**Work task**
When duplicating the records beneath this instruction, omit every picture and keep all else exact.

Source records:
---*---

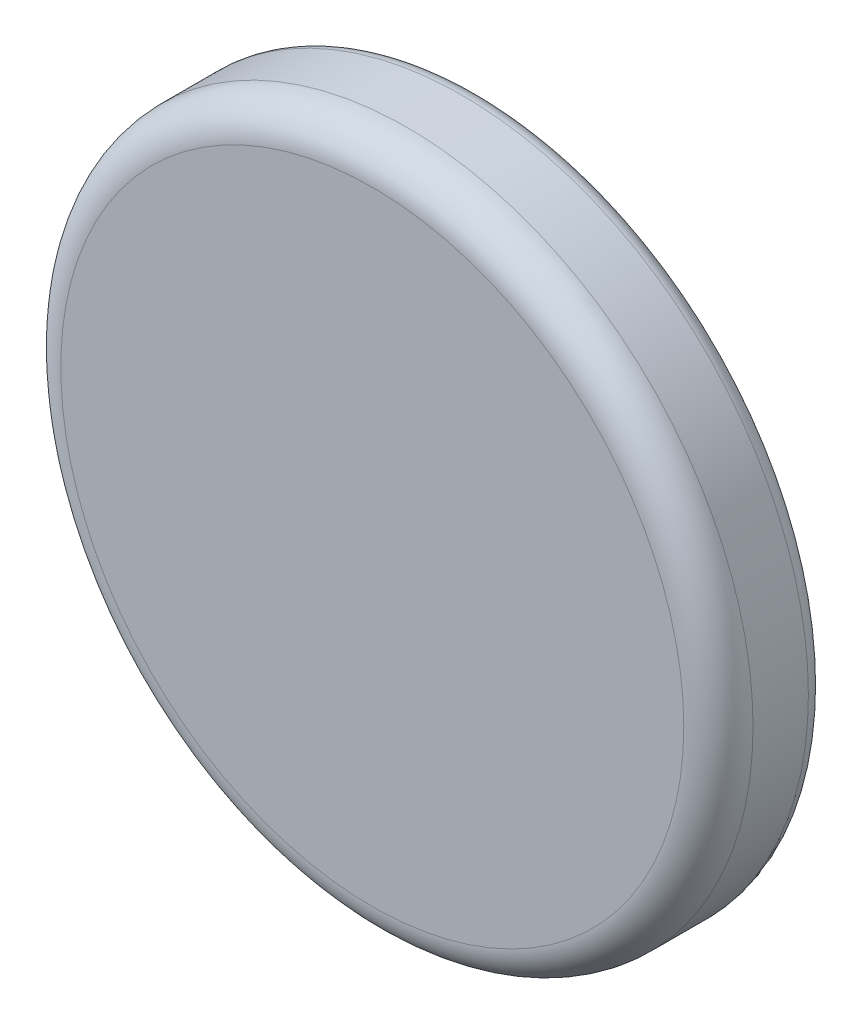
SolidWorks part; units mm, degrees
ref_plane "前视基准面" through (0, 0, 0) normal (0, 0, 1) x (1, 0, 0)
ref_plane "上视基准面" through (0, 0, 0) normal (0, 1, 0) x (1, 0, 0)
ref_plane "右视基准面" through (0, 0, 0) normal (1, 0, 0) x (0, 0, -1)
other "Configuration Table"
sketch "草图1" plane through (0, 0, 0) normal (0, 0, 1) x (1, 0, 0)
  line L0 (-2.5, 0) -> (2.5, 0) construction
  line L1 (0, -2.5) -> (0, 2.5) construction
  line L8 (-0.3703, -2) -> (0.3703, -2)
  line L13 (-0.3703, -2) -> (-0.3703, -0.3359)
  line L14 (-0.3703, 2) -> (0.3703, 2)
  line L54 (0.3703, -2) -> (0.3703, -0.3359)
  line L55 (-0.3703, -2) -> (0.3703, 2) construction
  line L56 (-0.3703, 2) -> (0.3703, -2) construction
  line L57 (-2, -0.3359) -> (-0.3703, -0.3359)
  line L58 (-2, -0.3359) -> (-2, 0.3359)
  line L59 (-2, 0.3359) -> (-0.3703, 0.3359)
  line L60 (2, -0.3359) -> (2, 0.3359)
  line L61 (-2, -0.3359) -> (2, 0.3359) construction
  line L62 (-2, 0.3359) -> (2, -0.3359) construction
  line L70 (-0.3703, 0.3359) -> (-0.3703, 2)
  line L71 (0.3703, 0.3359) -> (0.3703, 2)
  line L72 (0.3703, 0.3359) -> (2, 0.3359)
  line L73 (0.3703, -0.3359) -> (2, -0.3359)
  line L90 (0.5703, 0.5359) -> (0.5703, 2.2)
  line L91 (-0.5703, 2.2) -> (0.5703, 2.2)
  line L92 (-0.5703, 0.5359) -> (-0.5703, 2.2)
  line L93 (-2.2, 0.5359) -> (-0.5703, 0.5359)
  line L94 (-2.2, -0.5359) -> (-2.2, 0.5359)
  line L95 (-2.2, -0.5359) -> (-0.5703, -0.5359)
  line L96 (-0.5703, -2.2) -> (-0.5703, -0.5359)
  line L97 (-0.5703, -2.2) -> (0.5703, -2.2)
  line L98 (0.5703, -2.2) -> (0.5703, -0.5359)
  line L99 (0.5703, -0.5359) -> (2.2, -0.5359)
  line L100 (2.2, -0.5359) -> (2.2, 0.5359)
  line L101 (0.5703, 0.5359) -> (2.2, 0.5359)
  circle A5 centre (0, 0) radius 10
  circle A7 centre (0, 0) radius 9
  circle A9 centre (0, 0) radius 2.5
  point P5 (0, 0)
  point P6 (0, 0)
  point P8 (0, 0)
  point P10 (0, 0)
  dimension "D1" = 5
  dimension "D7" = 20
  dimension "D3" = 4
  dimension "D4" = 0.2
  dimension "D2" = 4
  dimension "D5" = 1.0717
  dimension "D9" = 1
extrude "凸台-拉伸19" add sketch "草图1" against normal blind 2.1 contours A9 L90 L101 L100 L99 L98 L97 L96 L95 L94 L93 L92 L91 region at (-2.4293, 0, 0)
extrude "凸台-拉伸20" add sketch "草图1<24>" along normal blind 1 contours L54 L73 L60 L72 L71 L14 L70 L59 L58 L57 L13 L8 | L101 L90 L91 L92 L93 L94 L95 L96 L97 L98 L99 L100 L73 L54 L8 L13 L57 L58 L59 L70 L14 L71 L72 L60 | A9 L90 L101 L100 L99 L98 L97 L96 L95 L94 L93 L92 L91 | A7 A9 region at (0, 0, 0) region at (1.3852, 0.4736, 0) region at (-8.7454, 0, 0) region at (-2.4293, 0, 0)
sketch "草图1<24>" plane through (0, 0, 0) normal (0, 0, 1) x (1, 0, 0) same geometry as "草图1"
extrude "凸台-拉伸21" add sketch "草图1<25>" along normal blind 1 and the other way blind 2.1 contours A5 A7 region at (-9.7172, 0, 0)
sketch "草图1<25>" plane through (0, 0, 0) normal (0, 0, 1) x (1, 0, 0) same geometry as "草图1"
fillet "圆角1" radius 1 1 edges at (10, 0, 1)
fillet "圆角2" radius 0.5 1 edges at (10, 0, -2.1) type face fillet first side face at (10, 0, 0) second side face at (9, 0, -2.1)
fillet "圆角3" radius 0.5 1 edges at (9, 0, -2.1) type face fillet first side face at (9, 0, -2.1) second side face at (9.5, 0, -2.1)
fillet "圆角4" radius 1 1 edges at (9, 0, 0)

---*---

**Solution to the problem**
SolidWorks part; units mm, degrees
ref_plane "前视基准面" through (0, 0, 0) normal (0, 0, 1) x (1, 0, 0)
ref_plane "上视基准面" through (0, 0, 0) normal (0, 1, 0) x (1, 0, 0)
ref_plane "右视基准面" through (0, 0, 0) normal (1, 0, 0) x (0, 0, -1)
other "Configuration Table"
sketch "草图1" plane through (0, 0, 0) normal (0, 0, 1) x (1, 0, 0)
  line L0 (-2.5, 0) -> (2.5, 0) construction
  line L1 (0, -2.5) -> (0, 2.5) construction
  line L8 (-0.3703, -2) -> (0.3703, -2)
  line L13 (-0.3703, -2) -> (-0.3703, -0.3359)
  line L14 (-0.3703, 2) -> (0.3703, 2)
  line L54 (0.3703, -2) -> (0.3703, -0.3359)
  line L55 (-0.3703, -2) -> (0.3703, 2) construction
  line L56 (-0.3703, 2) -> (0.3703, -2) construction
  line L57 (-2, -0.3359) -> (-0.3703, -0.3359)
  line L58 (-2, -0.3359) -> (-2, 0.3359)
  line L59 (-2, 0.3359) -> (-0.3703, 0.3359)
  line L60 (2, -0.3359) -> (2, 0.3359)
  line L61 (-2, -0.3359) -> (2, 0.3359) construction
  line L62 (-2, 0.3359) -> (2, -0.3359) construction
  line L70 (-0.3703, 0.3359) -> (-0.3703, 2)
  line L71 (0.3703, 0.3359) -> (0.3703, 2)
  line L72 (0.3703, 0.3359) -> (2, 0.3359)
  line L73 (0.3703, -0.3359) -> (2, -0.3359)
  line L90 (0.5703, 0.5359) -> (0.5703, 2.2)
  line L91 (-0.5703, 2.2) -> (0.5703, 2.2)
  line L92 (-0.5703, 0.5359) -> (-0.5703, 2.2)
  line L93 (-2.2, 0.5359) -> (-0.5703, 0.5359)
  line L94 (-2.2, -0.5359) -> (-2.2, 0.5359)
  line L95 (-2.2, -0.5359) -> (-0.5703, -0.5359)
  line L96 (-0.5703, -2.2) -> (-0.5703, -0.5359)
  line L97 (-0.5703, -2.2) -> (0.5703, -2.2)
  line L98 (0.5703, -2.2) -> (0.5703, -0.5359)
  line L99 (0.5703, -0.5359) -> (2.2, -0.5359)
  line L100 (2.2, -0.5359) -> (2.2, 0.5359)
  line L101 (0.5703, 0.5359) -> (2.2, 0.5359)
  circle A5 centre (0, 0) radius 10
  circle A7 centre (0, 0) radius 9
  circle A9 centre (0, 0) radius 2.5
  point P5 (0, 0)
  point P6 (0, 0)
  point P8 (0, 0)
  point P10 (0, 0)
  dimension "D1" = 5
  dimension "D7" = 20
  dimension "D3" = 4
  dimension "D4" = 0.2
  dimension "D2" = 4
  dimension "D5" = 1.0717
  dimension "D9" = 1
extrude "凸台-拉伸19" add sketch "草图1" against normal blind 2.1 contours A9 L90 L101 L100 L99 L98 L97 L96 L95 L94 L93 L92 L91 region at (-2.4293, 0, 0)
extrude "凸台-拉伸20" add sketch "草图1<24>" along normal blind 1 contours L54 L73 L60 L72 L71 L14 L70 L59 L58 L57 L13 L8 | L101 L90 L91 L92 L93 L94 L95 L96 L97 L98 L99 L100 L73 L54 L8 L13 L57 L58 L59 L70 L14 L71 L72 L60 | A9 L90 L101 L100 L99 L98 L97 L96 L95 L94 L93 L92 L91 | A7 A9 region at (0, 0, 0) region at (1.3852, 0.4736, 0) region at (-8.7454, 0, 0) region at (-2.4293, 0, 0)
sketch "草图1<24>" plane through (0, 0, 0) normal (0, 0, 1) x (1, 0, 0) same geometry as "草图1"
extrude "凸台-拉伸21" add sketch "草图1<25>" along normal blind 1 and the other way blind 2.1 contours A5 A7 region at (-9.7172, 0, 0)
sketch "草图1<25>" plane through (0, 0, 0) normal (0, 0, 1) x (1, 0, 0) same geometry as "草图1"
fillet "圆角1" radius 1 1 edges at (10, 0, 1)
fillet "圆角2" radius 0.5 1 edges at (10, 0, -2.1) type face fillet first side face at (10, 0, 0) second side face at (9, 0, -2.1)
fillet "圆角3" radius 0.5 1 edges at (9, 0, -2.1) type face fillet first side face at (9, 0, -2.1) second side face at (9.5, 0, -2.1)
fillet "圆角4" radius 1 1 edges at (9, 0, 0)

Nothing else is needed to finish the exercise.